▶ _Problem details_
Go through the material and copy every line in which "dxfattribs" appears.
○ ○ ○ ○ ○ ○ ○
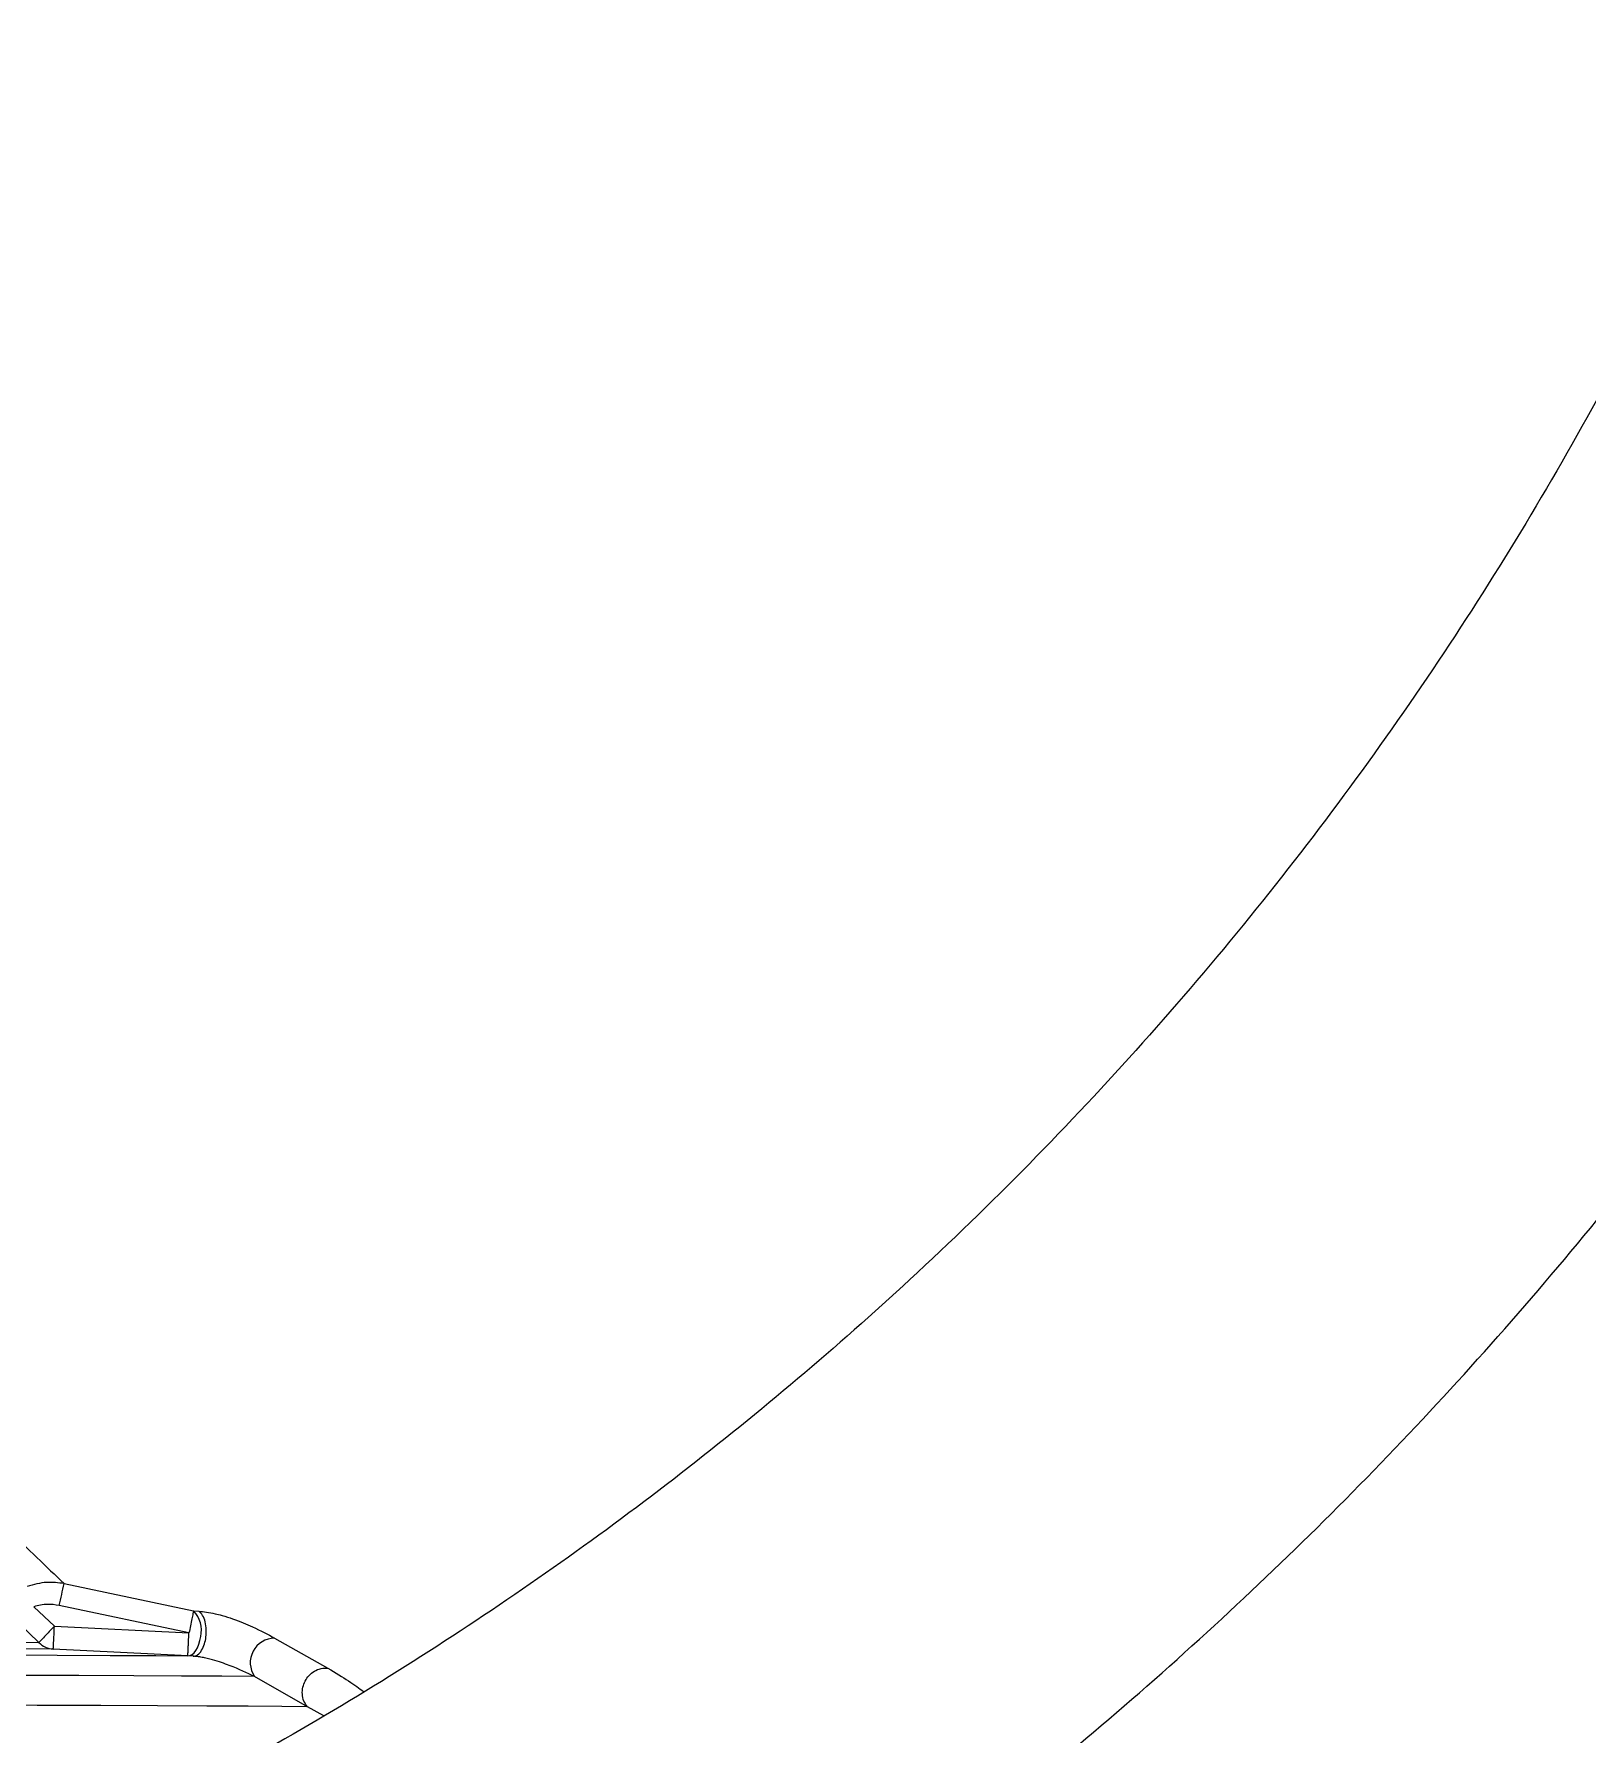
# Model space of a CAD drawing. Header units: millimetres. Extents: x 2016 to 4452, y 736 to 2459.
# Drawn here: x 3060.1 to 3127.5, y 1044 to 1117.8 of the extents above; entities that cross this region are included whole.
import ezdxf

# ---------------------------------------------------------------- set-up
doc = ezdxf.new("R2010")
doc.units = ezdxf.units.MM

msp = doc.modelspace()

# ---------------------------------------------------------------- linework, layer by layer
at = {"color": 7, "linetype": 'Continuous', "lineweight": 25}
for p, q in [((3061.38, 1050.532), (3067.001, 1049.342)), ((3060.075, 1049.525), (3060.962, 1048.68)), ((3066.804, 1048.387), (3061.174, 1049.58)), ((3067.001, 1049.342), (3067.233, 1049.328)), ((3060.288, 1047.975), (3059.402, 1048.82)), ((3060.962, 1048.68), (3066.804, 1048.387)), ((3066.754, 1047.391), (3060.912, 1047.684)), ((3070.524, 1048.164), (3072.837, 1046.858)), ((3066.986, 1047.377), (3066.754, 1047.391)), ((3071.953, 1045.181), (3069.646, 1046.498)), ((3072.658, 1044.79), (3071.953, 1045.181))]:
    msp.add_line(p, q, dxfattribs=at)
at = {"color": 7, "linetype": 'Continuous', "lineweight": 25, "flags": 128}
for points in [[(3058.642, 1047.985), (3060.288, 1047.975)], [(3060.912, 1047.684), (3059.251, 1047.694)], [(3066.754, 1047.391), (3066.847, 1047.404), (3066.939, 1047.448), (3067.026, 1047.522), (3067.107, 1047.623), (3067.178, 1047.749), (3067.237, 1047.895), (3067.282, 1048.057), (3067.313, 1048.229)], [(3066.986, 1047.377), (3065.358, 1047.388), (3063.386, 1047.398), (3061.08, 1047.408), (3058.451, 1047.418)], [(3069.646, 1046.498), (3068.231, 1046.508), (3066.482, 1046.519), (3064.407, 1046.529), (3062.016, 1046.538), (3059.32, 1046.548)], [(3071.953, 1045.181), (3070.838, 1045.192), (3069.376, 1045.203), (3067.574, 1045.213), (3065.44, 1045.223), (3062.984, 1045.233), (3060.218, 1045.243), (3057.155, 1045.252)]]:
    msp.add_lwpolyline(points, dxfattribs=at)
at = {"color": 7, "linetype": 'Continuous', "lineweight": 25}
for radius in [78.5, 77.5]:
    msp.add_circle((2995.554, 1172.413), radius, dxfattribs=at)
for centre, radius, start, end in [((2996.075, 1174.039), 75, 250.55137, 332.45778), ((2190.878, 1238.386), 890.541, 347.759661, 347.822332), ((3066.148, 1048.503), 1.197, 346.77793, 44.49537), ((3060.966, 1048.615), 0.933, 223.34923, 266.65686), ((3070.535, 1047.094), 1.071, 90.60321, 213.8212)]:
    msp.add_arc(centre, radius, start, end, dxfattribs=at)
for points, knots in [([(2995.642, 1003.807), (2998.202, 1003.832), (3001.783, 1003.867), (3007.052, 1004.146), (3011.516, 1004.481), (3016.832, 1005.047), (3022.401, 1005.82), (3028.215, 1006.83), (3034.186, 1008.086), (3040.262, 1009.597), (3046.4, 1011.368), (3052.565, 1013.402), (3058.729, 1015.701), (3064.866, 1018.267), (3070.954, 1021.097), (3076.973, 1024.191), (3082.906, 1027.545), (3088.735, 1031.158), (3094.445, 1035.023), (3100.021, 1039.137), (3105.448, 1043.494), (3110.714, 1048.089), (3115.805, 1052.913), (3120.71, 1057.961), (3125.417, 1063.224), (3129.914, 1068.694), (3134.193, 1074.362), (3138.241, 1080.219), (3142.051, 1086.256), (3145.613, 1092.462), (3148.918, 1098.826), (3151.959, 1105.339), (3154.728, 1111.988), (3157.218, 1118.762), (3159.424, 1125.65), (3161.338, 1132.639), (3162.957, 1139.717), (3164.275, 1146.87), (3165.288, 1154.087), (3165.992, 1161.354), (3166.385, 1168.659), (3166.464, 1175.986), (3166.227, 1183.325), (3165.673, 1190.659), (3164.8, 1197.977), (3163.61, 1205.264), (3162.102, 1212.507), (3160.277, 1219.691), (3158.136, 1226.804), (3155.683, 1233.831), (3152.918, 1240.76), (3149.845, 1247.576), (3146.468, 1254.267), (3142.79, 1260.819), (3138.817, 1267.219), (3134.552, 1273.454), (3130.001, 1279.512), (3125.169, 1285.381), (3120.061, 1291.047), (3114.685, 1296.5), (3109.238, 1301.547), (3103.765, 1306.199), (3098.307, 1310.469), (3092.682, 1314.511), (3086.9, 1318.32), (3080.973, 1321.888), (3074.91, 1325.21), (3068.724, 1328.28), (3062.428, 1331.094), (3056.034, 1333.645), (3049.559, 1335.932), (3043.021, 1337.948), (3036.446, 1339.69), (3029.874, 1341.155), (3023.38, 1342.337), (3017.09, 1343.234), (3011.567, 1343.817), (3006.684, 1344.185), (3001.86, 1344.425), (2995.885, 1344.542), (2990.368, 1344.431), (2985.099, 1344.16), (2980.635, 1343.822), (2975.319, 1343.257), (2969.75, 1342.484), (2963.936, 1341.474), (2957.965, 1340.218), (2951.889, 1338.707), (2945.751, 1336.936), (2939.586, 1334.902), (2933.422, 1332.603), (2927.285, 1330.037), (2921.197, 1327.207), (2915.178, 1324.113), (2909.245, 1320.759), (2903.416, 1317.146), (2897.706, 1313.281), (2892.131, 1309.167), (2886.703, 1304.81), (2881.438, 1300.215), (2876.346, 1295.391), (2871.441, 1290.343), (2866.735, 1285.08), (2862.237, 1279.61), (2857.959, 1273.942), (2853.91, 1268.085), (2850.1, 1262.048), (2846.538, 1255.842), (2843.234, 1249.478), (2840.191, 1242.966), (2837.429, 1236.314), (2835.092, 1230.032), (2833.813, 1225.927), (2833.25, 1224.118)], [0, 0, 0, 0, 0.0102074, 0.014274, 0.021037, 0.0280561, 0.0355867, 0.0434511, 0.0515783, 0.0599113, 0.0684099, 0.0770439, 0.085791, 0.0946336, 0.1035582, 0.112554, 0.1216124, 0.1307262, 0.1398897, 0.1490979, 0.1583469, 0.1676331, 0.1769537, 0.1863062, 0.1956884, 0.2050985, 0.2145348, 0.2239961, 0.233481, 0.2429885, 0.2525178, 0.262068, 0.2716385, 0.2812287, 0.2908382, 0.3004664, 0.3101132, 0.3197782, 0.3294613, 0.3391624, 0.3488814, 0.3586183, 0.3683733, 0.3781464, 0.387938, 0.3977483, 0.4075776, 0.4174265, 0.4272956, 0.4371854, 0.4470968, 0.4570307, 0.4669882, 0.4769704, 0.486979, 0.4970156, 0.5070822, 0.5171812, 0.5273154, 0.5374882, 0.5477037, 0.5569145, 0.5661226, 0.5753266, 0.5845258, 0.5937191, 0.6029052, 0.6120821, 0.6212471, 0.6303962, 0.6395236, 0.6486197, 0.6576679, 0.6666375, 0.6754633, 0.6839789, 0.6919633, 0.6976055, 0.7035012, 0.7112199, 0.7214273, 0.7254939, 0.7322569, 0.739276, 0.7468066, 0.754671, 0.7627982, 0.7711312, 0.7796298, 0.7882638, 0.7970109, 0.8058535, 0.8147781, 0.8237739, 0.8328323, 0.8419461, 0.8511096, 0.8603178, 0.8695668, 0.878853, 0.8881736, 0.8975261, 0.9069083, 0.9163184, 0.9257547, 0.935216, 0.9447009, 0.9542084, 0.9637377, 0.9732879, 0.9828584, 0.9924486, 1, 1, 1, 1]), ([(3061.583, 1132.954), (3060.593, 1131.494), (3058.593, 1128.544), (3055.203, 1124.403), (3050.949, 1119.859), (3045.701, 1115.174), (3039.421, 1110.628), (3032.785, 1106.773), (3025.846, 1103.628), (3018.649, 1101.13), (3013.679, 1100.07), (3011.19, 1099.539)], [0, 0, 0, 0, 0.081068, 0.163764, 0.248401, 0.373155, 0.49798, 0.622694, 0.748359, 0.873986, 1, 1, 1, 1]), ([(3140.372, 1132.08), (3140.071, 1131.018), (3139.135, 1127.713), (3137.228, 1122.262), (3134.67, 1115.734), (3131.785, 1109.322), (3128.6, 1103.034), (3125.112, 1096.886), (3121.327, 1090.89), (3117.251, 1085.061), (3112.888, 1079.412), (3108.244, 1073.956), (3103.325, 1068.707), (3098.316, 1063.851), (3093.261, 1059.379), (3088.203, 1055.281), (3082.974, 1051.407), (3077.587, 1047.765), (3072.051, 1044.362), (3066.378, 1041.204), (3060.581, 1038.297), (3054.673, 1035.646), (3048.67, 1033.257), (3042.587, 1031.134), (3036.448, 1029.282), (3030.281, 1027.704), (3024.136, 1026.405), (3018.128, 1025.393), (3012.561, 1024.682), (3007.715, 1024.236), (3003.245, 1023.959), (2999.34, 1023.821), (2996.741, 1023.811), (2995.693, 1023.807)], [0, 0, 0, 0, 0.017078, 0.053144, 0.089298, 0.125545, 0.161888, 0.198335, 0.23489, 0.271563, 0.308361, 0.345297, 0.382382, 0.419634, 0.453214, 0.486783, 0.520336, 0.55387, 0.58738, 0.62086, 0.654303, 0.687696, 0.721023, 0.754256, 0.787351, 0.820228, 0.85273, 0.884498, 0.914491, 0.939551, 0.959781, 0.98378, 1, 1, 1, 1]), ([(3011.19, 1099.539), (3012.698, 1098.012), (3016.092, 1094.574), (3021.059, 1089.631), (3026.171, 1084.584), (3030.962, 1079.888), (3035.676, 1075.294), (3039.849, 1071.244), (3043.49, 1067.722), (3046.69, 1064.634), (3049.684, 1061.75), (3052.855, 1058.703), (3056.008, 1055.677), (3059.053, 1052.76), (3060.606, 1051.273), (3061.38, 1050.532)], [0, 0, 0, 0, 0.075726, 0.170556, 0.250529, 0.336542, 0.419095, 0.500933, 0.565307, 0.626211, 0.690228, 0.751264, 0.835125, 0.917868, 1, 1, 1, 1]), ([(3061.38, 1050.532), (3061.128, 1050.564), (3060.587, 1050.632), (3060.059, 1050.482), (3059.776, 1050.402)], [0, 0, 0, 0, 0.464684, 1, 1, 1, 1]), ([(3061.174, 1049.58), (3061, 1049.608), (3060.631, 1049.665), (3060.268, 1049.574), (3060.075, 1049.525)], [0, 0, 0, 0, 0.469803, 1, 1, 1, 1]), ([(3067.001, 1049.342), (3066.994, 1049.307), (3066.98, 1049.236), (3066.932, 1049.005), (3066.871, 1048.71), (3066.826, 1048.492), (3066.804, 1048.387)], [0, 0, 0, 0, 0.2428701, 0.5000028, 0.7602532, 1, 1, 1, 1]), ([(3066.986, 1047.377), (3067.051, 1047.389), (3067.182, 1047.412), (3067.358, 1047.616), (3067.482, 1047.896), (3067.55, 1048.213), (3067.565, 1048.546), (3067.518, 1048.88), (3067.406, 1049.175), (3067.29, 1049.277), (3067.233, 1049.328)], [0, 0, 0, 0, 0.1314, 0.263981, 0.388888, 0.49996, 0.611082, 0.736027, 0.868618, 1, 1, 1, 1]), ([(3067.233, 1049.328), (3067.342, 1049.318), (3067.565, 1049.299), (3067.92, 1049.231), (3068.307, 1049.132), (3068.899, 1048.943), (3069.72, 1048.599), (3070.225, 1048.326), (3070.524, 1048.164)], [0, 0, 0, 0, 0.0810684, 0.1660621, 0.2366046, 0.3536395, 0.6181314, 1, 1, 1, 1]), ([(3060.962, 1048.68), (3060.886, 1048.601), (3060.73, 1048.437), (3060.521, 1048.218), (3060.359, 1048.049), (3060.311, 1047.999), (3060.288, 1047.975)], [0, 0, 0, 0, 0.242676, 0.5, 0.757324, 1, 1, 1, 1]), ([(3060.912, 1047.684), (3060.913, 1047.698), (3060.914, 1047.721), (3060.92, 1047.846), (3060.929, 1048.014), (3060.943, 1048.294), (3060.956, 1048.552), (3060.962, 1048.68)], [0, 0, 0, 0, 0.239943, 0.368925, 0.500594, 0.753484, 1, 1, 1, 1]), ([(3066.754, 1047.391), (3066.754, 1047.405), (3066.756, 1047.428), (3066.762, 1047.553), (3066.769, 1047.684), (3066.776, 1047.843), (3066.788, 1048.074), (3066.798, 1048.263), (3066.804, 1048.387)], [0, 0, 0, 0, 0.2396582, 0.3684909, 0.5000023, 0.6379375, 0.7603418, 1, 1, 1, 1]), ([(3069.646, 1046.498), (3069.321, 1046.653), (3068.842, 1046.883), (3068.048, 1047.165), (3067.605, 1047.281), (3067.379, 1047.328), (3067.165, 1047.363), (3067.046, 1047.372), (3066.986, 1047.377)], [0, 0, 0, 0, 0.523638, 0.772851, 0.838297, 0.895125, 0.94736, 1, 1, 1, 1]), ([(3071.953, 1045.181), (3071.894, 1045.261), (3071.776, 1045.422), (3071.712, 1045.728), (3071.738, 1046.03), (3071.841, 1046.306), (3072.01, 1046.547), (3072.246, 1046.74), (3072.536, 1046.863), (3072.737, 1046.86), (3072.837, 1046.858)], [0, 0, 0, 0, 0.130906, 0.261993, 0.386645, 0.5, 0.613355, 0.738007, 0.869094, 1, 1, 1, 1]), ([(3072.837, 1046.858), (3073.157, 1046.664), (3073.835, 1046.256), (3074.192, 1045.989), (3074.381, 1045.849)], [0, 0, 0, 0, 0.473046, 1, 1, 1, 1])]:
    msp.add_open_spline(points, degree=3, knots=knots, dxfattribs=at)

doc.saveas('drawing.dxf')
○ ○ ○ ○ ○ ○ ○
▶ _Exercise response_
    msp.add_line(p, q, dxfattribs=at)
    msp.add_lwpolyline(points, dxfattribs=at)
    msp.add_circle((2995.554, 1172.413), radius, dxfattribs=at)
    msp.add_arc(centre, radius, start, end, dxfattribs=at)
    msp.add_open_spline(points, degree=3, knots=knots, dxfattribs=at)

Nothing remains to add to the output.